MATERIAL TO PROCESS
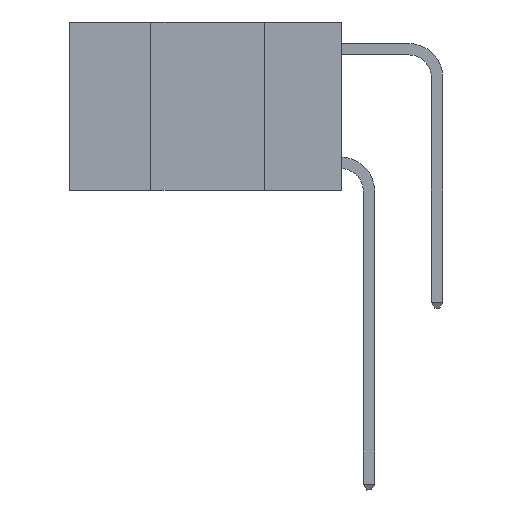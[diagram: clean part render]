
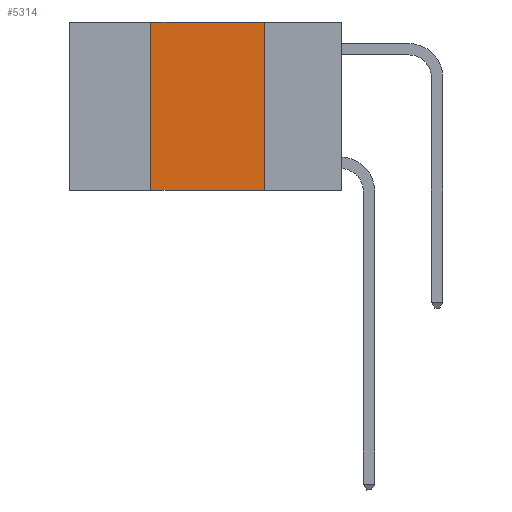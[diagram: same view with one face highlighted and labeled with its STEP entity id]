
A CAD part, left-side view. The second image highlights one B-rep face of the part: STEP entity #5314.
In plain terms, the highlighted planar face has unit normal (-1, 0, 0).
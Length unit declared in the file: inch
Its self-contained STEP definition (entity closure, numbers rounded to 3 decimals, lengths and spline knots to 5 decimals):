
#365 = ORIENTED_EDGE ( 'NONE', *, *, #10922, .F. ) ;
#937 = ORIENTED_EDGE ( 'NONE', *, *, #10386, .F. ) ;
#1170 = VECTOR ( 'NONE', #19995, 39.37008 ) ;
#1500 = EDGE_LOOP ( 'NONE', ( #365, #5085, #937, #8805 ) ) ;
#2009 = CARTESIAN_POINT ( 'NONE',  ( 0., 0.6, 0. ) ) ;
#3479 = LINE ( 'NONE', #5639, #15644 ) ;
#3504 = CARTESIAN_POINT ( 'NONE',  ( 0., 0.17, -0.37 ) ) ;
#3805 = DIRECTION ( 'NONE',  ( 0., 0., -1. ) ) ;
#4162 = CARTESIAN_POINT ( 'NONE',  ( 0., 0.42, 0. ) ) ;
#5085 = ORIENTED_EDGE ( 'NONE', *, *, #6228, .F. ) ;
#5314 = ADVANCED_FACE ( 'NONE', ( #5410 ), #8304, .F. ) ;
#5410 = FACE_OUTER_BOUND ( 'NONE', #1500, .T. ) ;
#5639 = CARTESIAN_POINT ( 'NONE',  ( 0., 0.6, -0.37 ) ) ;
#6228 = EDGE_CURVE ( 'NONE', #14124, #6665, #13810, .T. ) ;
#6665 = VERTEX_POINT ( 'NONE', #12878 ) ;
#8304 = PLANE ( 'NONE',  #18459 ) ;
#8536 = VERTEX_POINT ( 'NONE', #3504 ) ;
#8777 = EDGE_CURVE ( 'NONE', #11745, #8536, #3479, .T. ) ;
#8805 = ORIENTED_EDGE ( 'NONE', *, *, #8777, .T. ) ;
#9915 = DIRECTION ( 'NONE',  ( 0., 0., -1. ) ) ;
#10369 = DIRECTION ( 'NONE',  ( 0., 0., 1. ) ) ;
#10386 = EDGE_CURVE ( 'NONE', #11745, #14124, #16600, .T. ) ;
#10922 = EDGE_CURVE ( 'NONE', #6665, #8536, #19304, .T. ) ;
#11745 = VERTEX_POINT ( 'NONE', #15226 ) ;
#12378 = VECTOR ( 'NONE', #10369, 39.37008 ) ;
#12550 = CARTESIAN_POINT ( 'NONE',  ( 0., 0.42, 0. ) ) ;
#12878 = CARTESIAN_POINT ( 'NONE',  ( 0., 0.17, 0. ) ) ;
#13617 = DIRECTION ( 'NONE',  ( 0., -1., 0. ) ) ;
#13810 = LINE ( 'NONE', #15157, #1170 ) ;
#14124 = VERTEX_POINT ( 'NONE', #12550 ) ;
#15092 = VECTOR ( 'NONE', #3805, 39.37008 ) ;
#15157 = CARTESIAN_POINT ( 'NONE',  ( 0., 0.6, 0. ) ) ;
#15226 = CARTESIAN_POINT ( 'NONE',  ( 0., 0.42, -0.37 ) ) ;
#15644 = VECTOR ( 'NONE', #13617, 39.37008 ) ;
#16474 = CARTESIAN_POINT ( 'NONE',  ( 0., 0.17, 0. ) ) ;
#16600 = LINE ( 'NONE', #4162, #12378 ) ;
#18459 = AXIS2_PLACEMENT_3D ( 'NONE', #2009, #19476, #9915 ) ;
#19304 = LINE ( 'NONE', #16474, #15092 ) ;
#19476 = DIRECTION ( 'NONE',  ( 1., 0., 0. ) ) ;
#19995 = DIRECTION ( 'NONE',  ( 0., -1., 0. ) ) ;

EXERCISE INSTRUCTIONS
The requested lines run from the one with "#8304 = PLANE" through the last line of the records. Return them exactly.

EXERCISE RESULT
#8304 = PLANE ( 'NONE',  #18459 ) ;
#8536 = VERTEX_POINT ( 'NONE', #3504 ) ;
#8777 = EDGE_CURVE ( 'NONE', #11745, #8536, #3479, .T. ) ;
#8805 = ORIENTED_EDGE ( 'NONE', *, *, #8777, .T. ) ;
#9915 = DIRECTION ( 'NONE',  ( 0., 0., -1. ) ) ;
#10369 = DIRECTION ( 'NONE',  ( 0., 0., 1. ) ) ;
#10386 = EDGE_CURVE ( 'NONE', #11745, #14124, #16600, .T. ) ;
#10922 = EDGE_CURVE ( 'NONE', #6665, #8536, #19304, .T. ) ;
#11745 = VERTEX_POINT ( 'NONE', #15226 ) ;
#12378 = VECTOR ( 'NONE', #10369, 39.37008 ) ;
#12550 = CARTESIAN_POINT ( 'NONE',  ( 0., 0.42, 0. ) ) ;
#12878 = CARTESIAN_POINT ( 'NONE',  ( 0., 0.17, 0. ) ) ;
#13617 = DIRECTION ( 'NONE',  ( 0., -1., 0. ) ) ;
#13810 = LINE ( 'NONE', #15157, #1170 ) ;
#14124 = VERTEX_POINT ( 'NONE', #12550 ) ;
#15092 = VECTOR ( 'NONE', #3805, 39.37008 ) ;
#15157 = CARTESIAN_POINT ( 'NONE',  ( 0., 0.6, 0. ) ) ;
#15226 = CARTESIAN_POINT ( 'NONE',  ( 0., 0.42, -0.37 ) ) ;
#15644 = VECTOR ( 'NONE', #13617, 39.37008 ) ;
#16474 = CARTESIAN_POINT ( 'NONE',  ( 0., 0.17, 0. ) ) ;
#16600 = LINE ( 'NONE', #4162, #12378 ) ;
#18459 = AXIS2_PLACEMENT_3D ( 'NONE', #2009, #19476, #9915 ) ;
#19304 = LINE ( 'NONE', #16474, #15092 ) ;
#19476 = DIRECTION ( 'NONE',  ( 1., 0., 0. ) ) ;
#19995 = DIRECTION ( 'NONE',  ( 0., -1., 0. ) ) ;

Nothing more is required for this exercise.